2. Provide Technical Assistance: Guidance from computer scientists to health departments on system building, forecasting, and evaluating new public health tools may be valuable. Additionally, business students who study negotiation may provide useful guidance about structuring contracts. Enhancing the pipeline between students outside of public health backgrounds can usher in a robust public health prototyping infrastructure.
3. Integrate Technologists Early: Students have the time (and openness of mind) to learn about public health nuances and constraints. When they can explore these in conjunction with their technical curriculum, they may be able to propose realistic solutions. I recommend an experience like this for all first- or second-year Ph.D. students considering this field. This recommendation comes from personal experience – working with the Allegheny County Public Health Department in my first year of the PhD gave me a deeper understanding of public health challenges and how they translate to technical limitations.
4. Supporting Orchestration Codifying an evaluation pipeline for new research insights could provide a standard way for different departments to evaluate methodologies in relevant contexts. Supporting this type of infrastructure generally via tooling or evaluation platforms could tighten the iterations between research and application.
Overall, attending a public health conference was both an enlightening experience and also vastly different from the CS/ML conferences I’ve attended for my work. Bridging this gap between public health needs and academic research is essential for resilient and updated public health technologies. I’m excited to think more about this intersection in my final year of the Ph.D.!

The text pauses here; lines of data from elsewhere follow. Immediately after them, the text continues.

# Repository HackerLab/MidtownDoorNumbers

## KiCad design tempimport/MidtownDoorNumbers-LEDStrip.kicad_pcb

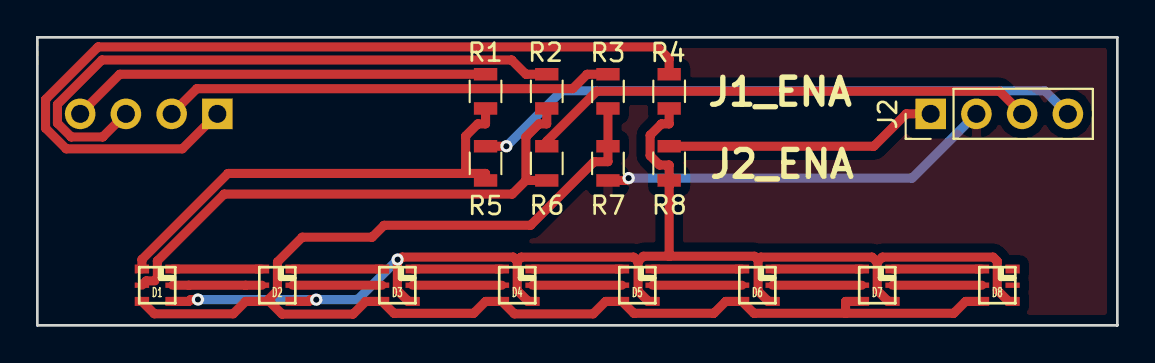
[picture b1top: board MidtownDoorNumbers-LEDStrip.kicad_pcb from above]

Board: 2 copper layers, 60.0 x 16.0 mm, 18 parts (1 on the bottom side), 26 nets.

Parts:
D1, D2, D3, D4, D5, D6, D7, D8: APA102; APA102-2020
J1, J2: CONN_01X04; Pin_Header_Straight_1x04_Pitch2.54mm
R1, R2, R3, R4, R5, R6, R7, R8: 0; R_0805

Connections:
unnamed: D1.1, D2.2
unnamed: D1.2, R1.1, R5.2
unnamed: D1.3, R2.1, R6.2
unnamed: D1.4, D2.4, D3.4, D4.4, D5.4, D6.4, D7.4, D8.4, R3.1, R7.2
unnamed: D1.5, D2.5, D3.5, D4.5, D5.5, D6.5, D7.5, D8.5, R4.1, R8.2
unnamed: D1.6, D2.3
unnamed: D2.1, D3.2
unnamed: D2.6, D3.3
unnamed: D3.1, D4.2
unnamed: D3.6, D4.3
unnamed: D4.1, D5.2
unnamed: D4.6, D5.3
unnamed: D5.1, D6.2
unnamed: D5.6, D6.3
unnamed: D6.1, D7.2
unnamed: D6.6, D7.3
unnamed: D7.1, D8.2
unnamed: D7.6, D8.3
unnamed: J1.1, R4.2
unnamed: J1.2, R3.2
unnamed: J1.3, R2.2
unnamed: J1.4, R1.2
unnamed: J2.1, R8.1
unnamed: J2.2, R7.1
unnamed: J2.3, R6.1
unnamed: J2.4, R5.1

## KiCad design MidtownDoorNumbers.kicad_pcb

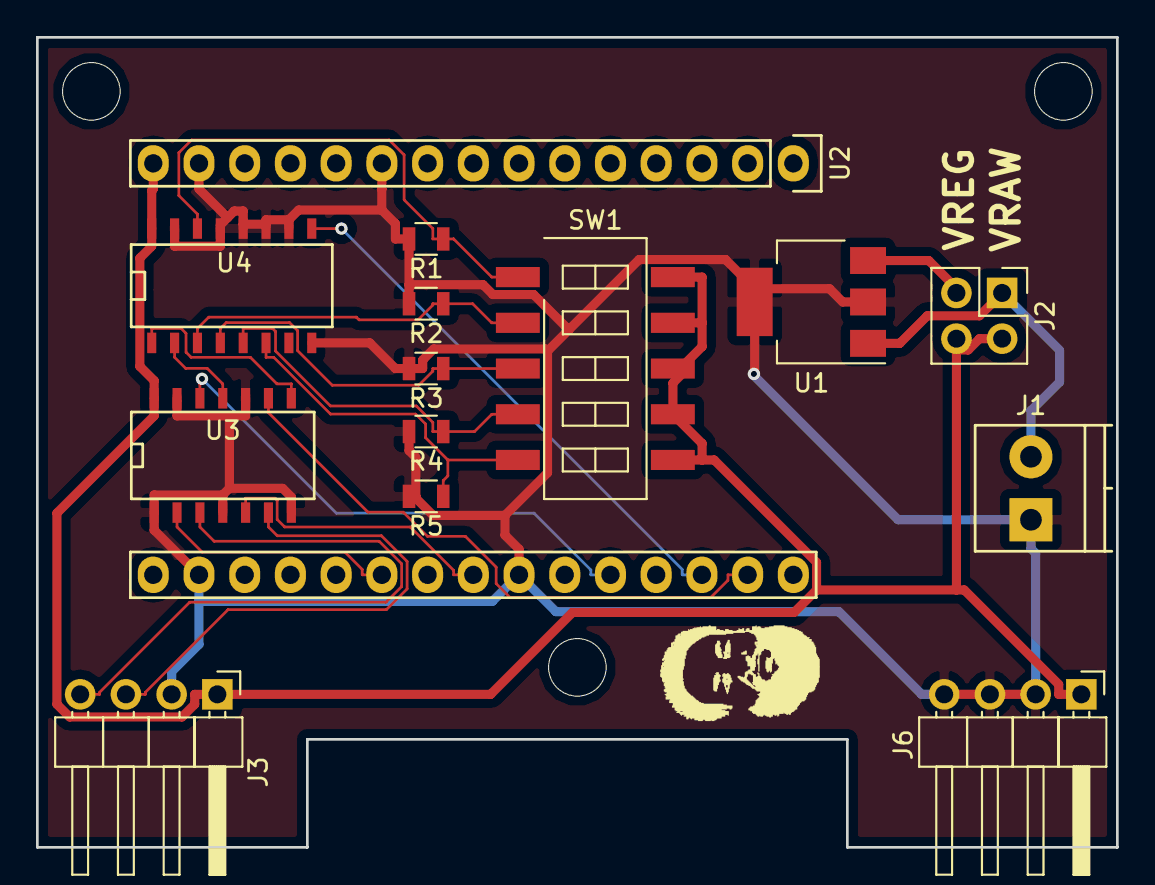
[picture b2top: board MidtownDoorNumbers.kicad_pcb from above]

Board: 2 copper layers, 60.0 x 45.0 mm, 19 parts (1 on the bottom side), 18 nets.

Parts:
J1: CONN_01X02; TerminalBlock_Pheonix_PT-3.5mm_2pol
J2: CONN_02X02; Pin_Header_Straight_2x02_Pitch2.54mm
J3, J6: CONN_01X04; Pin_Header_Angled_1x04_Pitch2.54mm
R1, R2, R3, R4, R5: 10K; R_0805
REFBC: MountingHole_3.2mm_M3
REFMTR: MountingHole_3.2mm_M3
REFTL: MountingHole_3.2mm_M3
SW1: SW_DIP_x05; SW_DIP_x5_W8.61mm_Slide_LowProfile
U1: LM7805CT; SOT-223-3Lead_TabPin2
U2: NodeMCU_Amica_R2
U3: 74AHC125; SOIC-14_N
U4: 74HC165; SO-16-N
nilesface: nilesface_smaller
nilesface#2: nilesface_smaller

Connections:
5VDC: J2.2, J2.4, J3.1, J6.1, SW1.6, SW1.7, SW1.8, SW1.9, SW1.10, U2.15, U3.14, U4.16
GND: J1.1, J3.2, J6.2, J6.3, J6.4, R1.2, R2.2, R3.2, R4.2, R5.2, U1.2, U2.10, U2.14, U2.17, U2.24, U3.1, U3.4, U3.7, U3.10, U3.13, U4.8, U4.10, U4.11, U4.12, U4.13, U4.15
LCLK: U2.23, U3.5
LCLK5: J3.3, U3.6
MOSI: U2.21, U3.2
MOSI5: J3.4, U3.3
unnamed: J1.2, J2.1, U1.1
unnamed: J2.3, U1.3
SEL_0: R1.1, SW1.1, U4.14
SEL_1: R2.1, SW1.2, U4.3
SEL_2: R3.1, SW1.3, U4.4
SEL_3: R4.1, SW1.4, U4.5
SEL_4: R5.1, SW1.5, U4.6
SH/~LD: U2.29, U3.9
SH/~LD~5: U3.8, U4.1
SHCLK: U2.26, U3.12
SHCLK5: U3.11, U4.2
SHOUT: U2.28, U4.9

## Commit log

2019-06-15 init
2019-06-19 technically fabbable
2019-06-21 Generated Gerbers
2019-06-29 stencilwork
2019-06-29 third attempt

Updates: I’ve been hearing more about the misalignment between health needs and computational research problems. For example, I’ve heard that public health really needs assistive approaches in mitigating food-borne illnesses, which some computational scientists think has less innovation potential (e.g., already explored statistically). This is actually a really great opportunity for computational researchers to dig deeper and structure the limitations public health experts are facing – clearly there are existing limitations, if not directly with the methods, then with how they lend themselves to practical use. I’d love to chat more about this if you find it interesting!